Exercise goal.
Below is a block of entries; repeat all of it exactly but omit the pictures.

Extracted data.
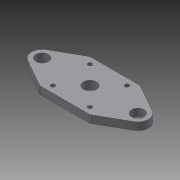
# Autodesk Inventor part: Vertical_Lead_Screw_Shaft_Mount_Plate_Mid
Saved by Autodesk Inventor 2015 (Build 190159000, 159)
## iProperties
Created: 2014-12-22
Part Number: Vertical_Lead_Screw_Shaft_Mount_Plate_Mid
Material: Generic
Document SubType Name: Modeling
Designer: Drew
Density: 1 g/cm^3
Appearance: Default
Author: Drew
Autodesk Inventor part; units mm, degrees
ref_plane "YZ Plane" through (0, 0, 0) normal (1, 0, 0) x (0, 1, 0)
ref_plane "XZ Plane" through (0, 0, 0) normal (0, 1, 0) x (-1, 0, 0)
ref_plane "XY Plane" through (0, 0, 0) normal (0, 0, 1) x (1, 0, 0)
sketch "Sketch1" plane through (0, 0, 0) normal (0, 1, 0) x (-1, 0, 0)
  line L0 (-21, -21) -> (21, -21)
  line L1 (21, -21) -> (21, 21)
  line L2 (21, 21) -> (-21, 21)
  line L3 (-21, 21) -> (-21, -21)
  line L4 (-21, -21) -> (21, 21) construction
  line L5 (21, -21) -> (-21, 21) construction
  circle A0 centre (15.5, 15.5) radius 1.75
  circle A1 centre (0, 0) radius 5.5
  line L6 (34.796, 0) -> (-29.6686, 0)
  line L7 (0, -38.1967) -> (0, 38.2612)
  circle A2 centre (15.5, -15.5) radius 1.75
  circle A3 centre (-15.5, 15.5) radius 1.75
  circle A4 centre (-15.5, -15.5) radius 1.75
  dimension "d0" = 42
  dimension "d1" = 42
  dimension "d4" = 3.5
  dimension "d8" = 11
  dimension "d13" = 31
  constraints: 16 end point, 5 centre point, 3 symmetric about line, 2 horizontal, 2 midpoint, 2 parallel, 1 coincident, 1 perpendicular, 1 point on line, 1 vertical, 3 other
  measures "d0" distance of L0.end L1.end
  measures "d1" distance of L1.end L2.end
  measures "d4" diameter of A0
  measures "d8" diameter of A1
  measures "d13" distance of A2.centre A0.centre
extrude "Extrusion4" add sketch "Sketch1" along normal blind 6.35 contours L3 L6 A1 L7 L0 | L7 A1 L6 L1 L0 | L3 L2 L7 A1 L6 | L6 A1 L7 L2 L1
sketch "Sketch2" plane through (0, 0, 0) normal (0, -1, 0) x (1, 0, 0)
  line L0 (0, 45.4999) -> (0, -47.5937)
  line L1 (43.084, 0) -> (-45.3389, 0)
  arc A0 (-44.3867, 7.7323) -> (-44.3867, -7.7323) centre (-40, 0) ccw
  line L2 (-21, -21) -> (-21, 21) projected
  arc A1 (44.3867, -7.7323) -> (44.3867, 7.7323) centre (40, 0) ccw
  line L3 (-21, 21) -> (-21, -21)
  line L4 (-21, -21) -> (-21, 21) projected
  line L5 (21, 21) -> (21, -21)
  line L6 (21, 21) -> (21, -21) projected
  circle A2 centre (-40, 0) radius 5.25
  circle A3 centre (40, 0) radius 5.25
  line L7 (-21, -21) -> (-44.3867, -7.7323)
  line L8 (-44.3867, 7.7323) -> (-21, 21)
  line L9 (-21, 21) -> (-21, -21)
  line L10 (21, -21) -> (44.3867, -7.7323)
  line L11 (44.3867, 7.7323) -> (21, 21)
  point P0 (0, 0)
  dimension "d18" = 10.5
  dimension "d20" = 80
  dimension "d21" = 8.89
  constraints: 18 end point, 7 symmetric about line, 5 point on circle, 4 centre point, 3 collinear, 2 point on line, 2 tangent, 1 horizontal, 1 vertical, 2 other
  measures "d18" diameter of A2
  measures "d20" distance of A1.centre A2.centre
  measures "d21" radius of A0
extrude "Extrusion5" add sketch "Sketch2" against normal up to surface (6.35 mm away)
fillet "Fillet1" radius 3.175 4 edges at (-21, 3.175, -21) (21, 3.175, -21) (21, 3.175, 21) (-21, 3.175, 21)
equation "\"d0\" = d1"
body "Solid4"

Reply.
# Autodesk Inventor part: Vertical_Lead_Screw_Shaft_Mount_Plate_Mid
Saved by Autodesk Inventor 2015 (Build 190159000, 159)
## iProperties
Created: 2014-12-22
Part Number: Vertical_Lead_Screw_Shaft_Mount_Plate_Mid
Material: Generic
Document SubType Name: Modeling
Designer: Drew
Density: 1 g/cm^3
Appearance: Default
Author: Drew
Autodesk Inventor part; units mm, degrees
ref_plane "YZ Plane" through (0, 0, 0) normal (1, 0, 0) x (0, 1, 0)
ref_plane "XZ Plane" through (0, 0, 0) normal (0, 1, 0) x (-1, 0, 0)
ref_plane "XY Plane" through (0, 0, 0) normal (0, 0, 1) x (1, 0, 0)
sketch "Sketch1" plane through (0, 0, 0) normal (0, 1, 0) x (-1, 0, 0)
  line L0 (-21, -21) -> (21, -21)
  line L1 (21, -21) -> (21, 21)
  line L2 (21, 21) -> (-21, 21)
  line L3 (-21, 21) -> (-21, -21)
  line L4 (-21, -21) -> (21, 21) construction
  line L5 (21, -21) -> (-21, 21) construction
  circle A0 centre (15.5, 15.5) radius 1.75
  circle A1 centre (0, 0) radius 5.5
  line L6 (34.796, 0) -> (-29.6686, 0)
  line L7 (0, -38.1967) -> (0, 38.2612)
  circle A2 centre (15.5, -15.5) radius 1.75
  circle A3 centre (-15.5, 15.5) radius 1.75
  circle A4 centre (-15.5, -15.5) radius 1.75
  dimension "d0" = 42
  dimension "d1" = 42
  dimension "d4" = 3.5
  dimension "d8" = 11
  dimension "d13" = 31
  constraints: 16 end point, 5 centre point, 3 symmetric about line, 2 horizontal, 2 midpoint, 2 parallel, 1 coincident, 1 perpendicular, 1 point on line, 1 vertical, 3 other
  measures "d0" distance of L0.end L1.end
  measures "d1" distance of L1.end L2.end
  measures "d4" diameter of A0
  measures "d8" diameter of A1
  measures "d13" distance of A2.centre A0.centre
extrude "Extrusion4" add sketch "Sketch1" along normal blind 6.35 contours L3 L6 A1 L7 L0 | L7 A1 L6 L1 L0 | L3 L2 L7 A1 L6 | L6 A1 L7 L2 L1
sketch "Sketch2" plane through (0, 0, 0) normal (0, -1, 0) x (1, 0, 0)
  line L0 (0, 45.4999) -> (0, -47.5937)
  line L1 (43.084, 0) -> (-45.3389, 0)
  arc A0 (-44.3867, 7.7323) -> (-44.3867, -7.7323) centre (-40, 0) ccw
  line L2 (-21, -21) -> (-21, 21) projected
  arc A1 (44.3867, -7.7323) -> (44.3867, 7.7323) centre (40, 0) ccw
  line L3 (-21, 21) -> (-21, -21)
  line L4 (-21, -21) -> (-21, 21) projected
  line L5 (21, 21) -> (21, -21)
  line L6 (21, 21) -> (21, -21) projected
  circle A2 centre (-40, 0) radius 5.25
  circle A3 centre (40, 0) radius 5.25
  line L7 (-21, -21) -> (-44.3867, -7.7323)
  line L8 (-44.3867, 7.7323) -> (-21, 21)
  line L9 (-21, 21) -> (-21, -21)
  line L10 (21, -21) -> (44.3867, -7.7323)
  line L11 (44.3867, 7.7323) -> (21, 21)
  point P0 (0, 0)
  dimension "d18" = 10.5
  dimension "d20" = 80
  dimension "d21" = 8.89
  constraints: 18 end point, 7 symmetric about line, 5 point on circle, 4 centre point, 3 collinear, 2 point on line, 2 tangent, 1 horizontal, 1 vertical, 2 other
  measures "d18" diameter of A2
  measures "d20" distance of A1.centre A2.centre
  measures "d21" radius of A0
extrude "Extrusion5" add sketch "Sketch2" against normal up to surface (6.35 mm away)
fillet "Fillet1" radius 3.175 4 edges at (-21, 3.175, -21) (21, 3.175, -21) (21, 3.175, 21) (-21, 3.175, 21)
equation "\"d0\" = d1"
body "Solid4"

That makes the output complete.